Mais il faut pourtant se rendre à l’évidence : les plantes et les arbres ont non seulement des capacités d’adaptation bien plus élaborées et subtiles qu’on ne l’imaginait jusqu’à présent mais semblent bel et bien capables de tirer les leçons de certaines de leurs expériences, de les mémoriser dans des réseaux dont la nature reste à élucider et enfin de transmettre à leurs congénères ces nouvelles informations, dans la mesure où celles-ci  peuvent s’avérer utiles à la survie de l’espèce.

L’apprentissage serait donc un mécanisme fondamental présent au cœur de l’ensemble du vivant, des bactéries à l’homme, en passant par les animaux les plus rudimentaires et l’ensemble des végétaux. Cette extraordinaire découverte devrait avoir des conséquences scientifiques mais également éthiques et philosophiques considérables.

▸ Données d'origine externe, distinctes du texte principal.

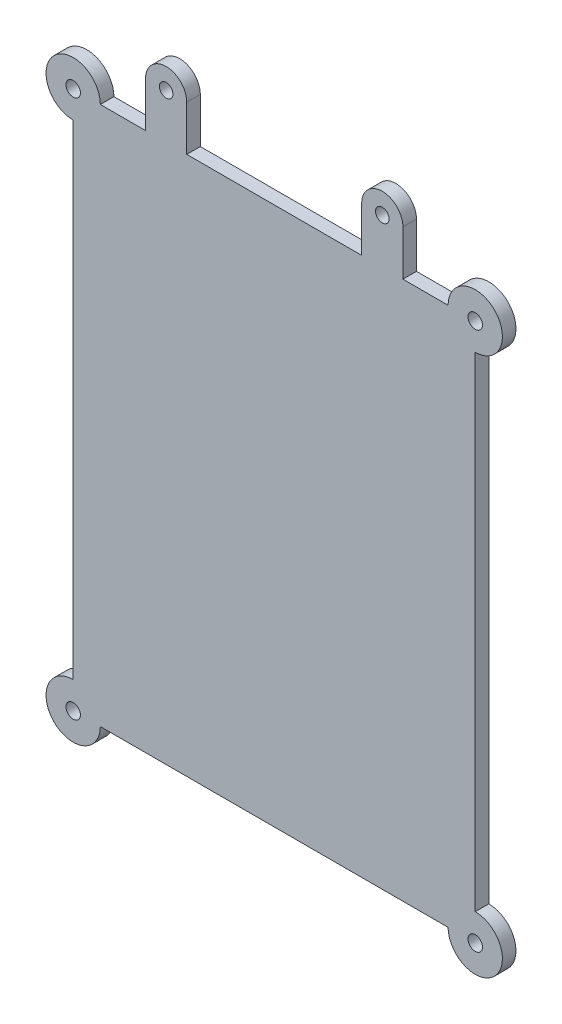
SolidWorks part; units mm, degrees
ref_plane "Front Plane" through (0, 0, 0) normal (0, 0, 1) x (1, 0, 0)
ref_plane "Top Plane" through (0, 0, 0) normal (0, 1, 0) x (1, 0, 0)
ref_plane "Right Plane" through (0, 0, 0) normal (1, 0, 0) x (0, 0, -1)
sketch "Sketch1" plane through (0, 0, 0) normal (0, 0, 1) x (1, 0, 0)
  line L0 (38.4589, -59.571) -> (-38.4589, -59.571) construction
  line L1 (-44.4589, -53.571) -> (-44.4589, 53.571) construction
  line L2 (-38.4589, 59.571) -> (38.4589, 59.571) construction
  line L3 (44.4589, 53.571) -> (44.4589, -53.571) construction
  line L4 (38.4589, -59.571) -> (-38.4589, -59.571)
  line L5 (-44.4589, -53.571) -> (-44.4589, 53.571)
  line L6 (-38.4589, 59.571) -> (38.4589, 59.571)
  line L7 (44.4589, 53.571) -> (44.4589, -53.571)
  arc A0 (-44.4589, -53.571) -> (-38.4589, -59.571) centre (-44.4589, -59.571) ccw construction
  arc A1 (-38.4589, 59.571) -> (-44.4589, 53.571) centre (-44.4589, 59.571) ccw construction
  arc A2 (44.4589, 53.571) -> (38.4589, 59.571) centre (44.4589, 59.571) ccw construction
  arc A3 (38.4589, -59.571) -> (44.4589, -53.571) centre (44.4589, -59.571) ccw construction
  arc A4 (-44.4589, -53.571) -> (-38.4589, -59.571) centre (-44.4589, -59.571) ccw
  arc A5 (-38.4589, 59.571) -> (-44.4589, 53.571) centre (-44.4589, 59.571) ccw
  arc A6 (44.4589, 53.571) -> (38.4589, 59.571) centre (44.4589, 59.571) ccw
  arc A7 (38.4589, -59.571) -> (44.4589, -53.571) centre (44.4589, -59.571) ccw
extrude "Boss-Extrude1" add sketch "Sketch1" along normal blind 3
sketch "Sketch2" plane through (0, 0, 3) normal (0, 0, 1) x (1, 0, 0)
  circle A0 centre (-44.4589, 59.571) radius 1.6
  circle A1 centre (44.4589, 59.571) radius 1.6
  circle A2 centre (44.4589, -59.571) radius 1.6
  circle A3 centre (-44.4589, -59.571) radius 1.6
  dimension "D1" = 3.2
extrude "Cut-Extrude1" cut sketch "Sketch2" against normal blind 10
sketch "Sketch3" plane through (0, 0, 3) normal (0, 0, 1) x (1, 0, 0)
  line L0 (19.3448, 59.571) -> (28.4589, 59.571)
  line L1 (38.4589, 59.571) -> (-38.4589, 59.571) construction
  line L2 (19.3448, 59.571) -> (19.3448, 69.571)
  line L3 (28.4589, 59.571) -> (28.4589, 69.571)
  line L5 (-19.3448, 59.571) -> (-28.4589, 59.571)
  line L6 (-28.4589, 59.571) -> (-28.4589, 69.571)
  line L7 (-19.3448, 59.571) -> (-19.3448, 69.571)
  arc A0 (28.4589, 69.571) -> (19.3448, 69.571) centre (23.9018, 69.571) ccw
  circle A1 centre (23.9018, 69.571) radius 1.5
  circle A2 centre (-23.9018, 69.571) radius 1.5
  arc A3 (-28.4589, 69.571) -> (-19.3448, 69.571) centre (-23.9018, 69.571) cw
  point P5 (0, 59.571)
  dimension "D1" = 3
  dimension "D2" = 10
  dimension "D3" = 10
extrude "Boss-Extrude4" add sketch "Sketch3" against normal blind 3

Nous savons en effet à présent, même si la singularité de l’espèce humaine au sein de l’évolution reste indéniable, que des mécanismes et phénomènes aussi complexes que l’apprentissage, la mémoire et peut-être la conscience ne sont pas le propre de l’homme et sont partagés par de très nombreux êtres vivants, toute chose égale par ailleurs, tant dans le règne animal que végétal.

Comment ne pas être émerveillé par cette nature dont la complexité semble inépuisable et qui révèle, derrière une extraordinaire diversité, une profonde et troublante unité. Espérons que demain nous serons capables, pendant qu’il en est encore temps, de tout mettre en œuvre pour préserver cette beauté foisonnante de la vie afin que nos descendants puissent eux aussi continuer à admirer et à étudier ce grand mystère de la vie.